PROBLEM REQUIREMENTS =
How many lines of the data include the string "circle"? State that number alone.

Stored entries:
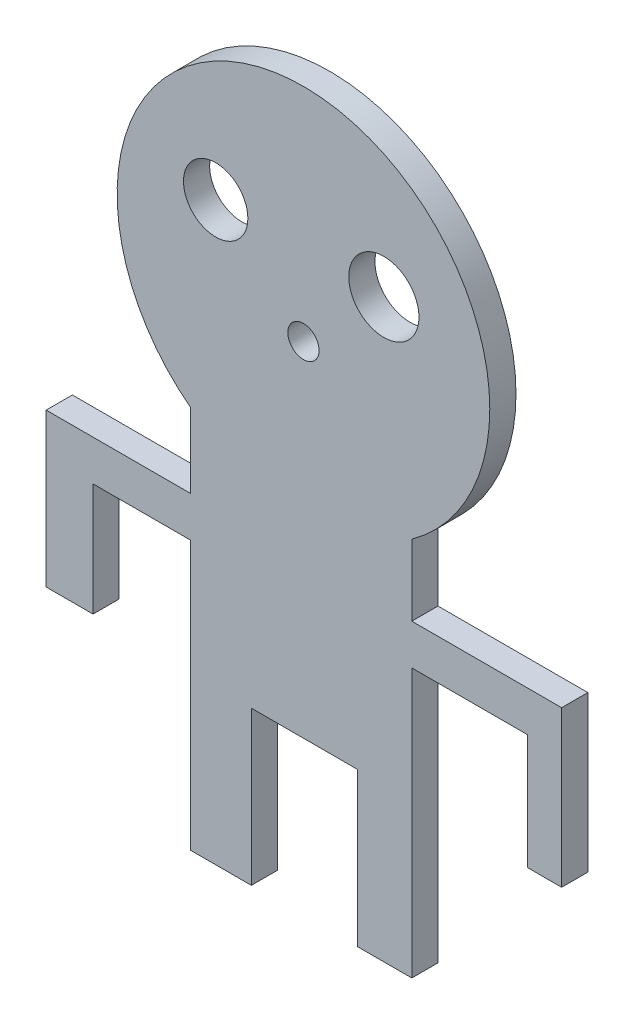
SolidWorks part; units mm, degrees
ref_plane "Front Plane" through (0, 0, 0) normal (0, 0, 1) x (1, 0, 0)
ref_plane "Top Plane" through (0, 0, 0) normal (0, 1, 0) x (1, 0, 0)
ref_plane "Right Plane" through (0, 0, 0) normal (1, 0, 0) x (0, 0, -1)
sketch "Sketch1" plane through (0, 0, 0) normal (0, 0, 1) x (1, 0, 0)
  line L0 (-43.1667, -100.459) -> (-43.1667, -144.3864)
  line L6 (-43.1667, -56.5317) -> (-43.1667, -85.0113)
  line L7 (-19.8961, -144.3864) -> (20.7153, -144.3864)
  line L8 (41.35, -57.8738) -> (41.35, -85.0113)
  line L10 (-43.1667, -144.3864) -> (-43.1667, -202.9776)
  line L11 (-43.1667, -202.9776) -> (-19.8961, -202.9776)
  line L12 (-19.8961, -144.3864) -> (-19.8961, -202.9776)
  line L14 (41.35, -144.3864) -> (41.35, -202.9776)
  line L15 (41.35, -202.9776) -> (20.7153, -202.9776)
  line L16 (20.7153, -144.3864) -> (20.7153, -202.9776)
  line L17 (41.35, -85.0113) -> (98.5537, -85.0113)
  line L19 (41.35, -100.459) -> (85.5, -100.459)
  line L20 (98.5537, -85.0113) -> (98.5537, -100.459)
  line L21 (-43.1667, -85.0113) -> (-98.218, -85.0113)
  line L23 (-43.1667, -100.459) -> (-80.3296, -100.459)
  line L24 (-98.218, -85.0113) -> (-98.218, -100.459)
  line L26 (-98.218, -100.459) -> (-98.218, -143.511)
  line L27 (-98.218, -143.511) -> (-80.3296, -143.511)
  line L28 (-80.3296, -100.459) -> (-80.3296, -143.511)
  line L30 (98.5537, -100.459) -> (98.5537, -144.3864)
  line L31 (98.5537, -144.3864) -> (85.5, -144.3864)
  line L32 (85.5, -100.459) -> (85.5, -144.3864)
  line L33 (41.35, -100.459) -> (41.35, -144.3864)
  arc A0 (41.35, -57.8738) -> (-43.1667, -56.5317) centre (0, 0) ccw
  circle A1 centre (-33.5174, 16.8514) radius 12.288
  circle A2 centre (30.6885, 16.8514) radius 13.4023
  circle A3 centre (0, -13.2378) radius 5.9667
  arc A4 (41.35, -34.0869) -> (-41.0989, -34.0869) centre (0.1255, 7.1376) cw construction
  arc A5 (-47.4425, -40.4304) -> (47.6935, -40.4304) centre (0.1255, 7.1376) ccw construction
  arc A6 (-34.7554, -27.7434) -> (35.0065, -27.7434) centre (0.1255, 7.1376) ccw construction
  arc A7 (-34.7554, -27.7434) -> (-47.4425, -40.4304) centre (-41.0989, -34.0869) ccw construction
  arc A8 (47.6935, -40.4304) -> (35.0065, -27.7434) centre (41.35, -34.0869) ccw construction
  point P13 (0.1255, -51.1626)
extrude "Boss-Extrude1" add sketch "Sketch1" along normal blind 10

YOUR RESPONSE =
3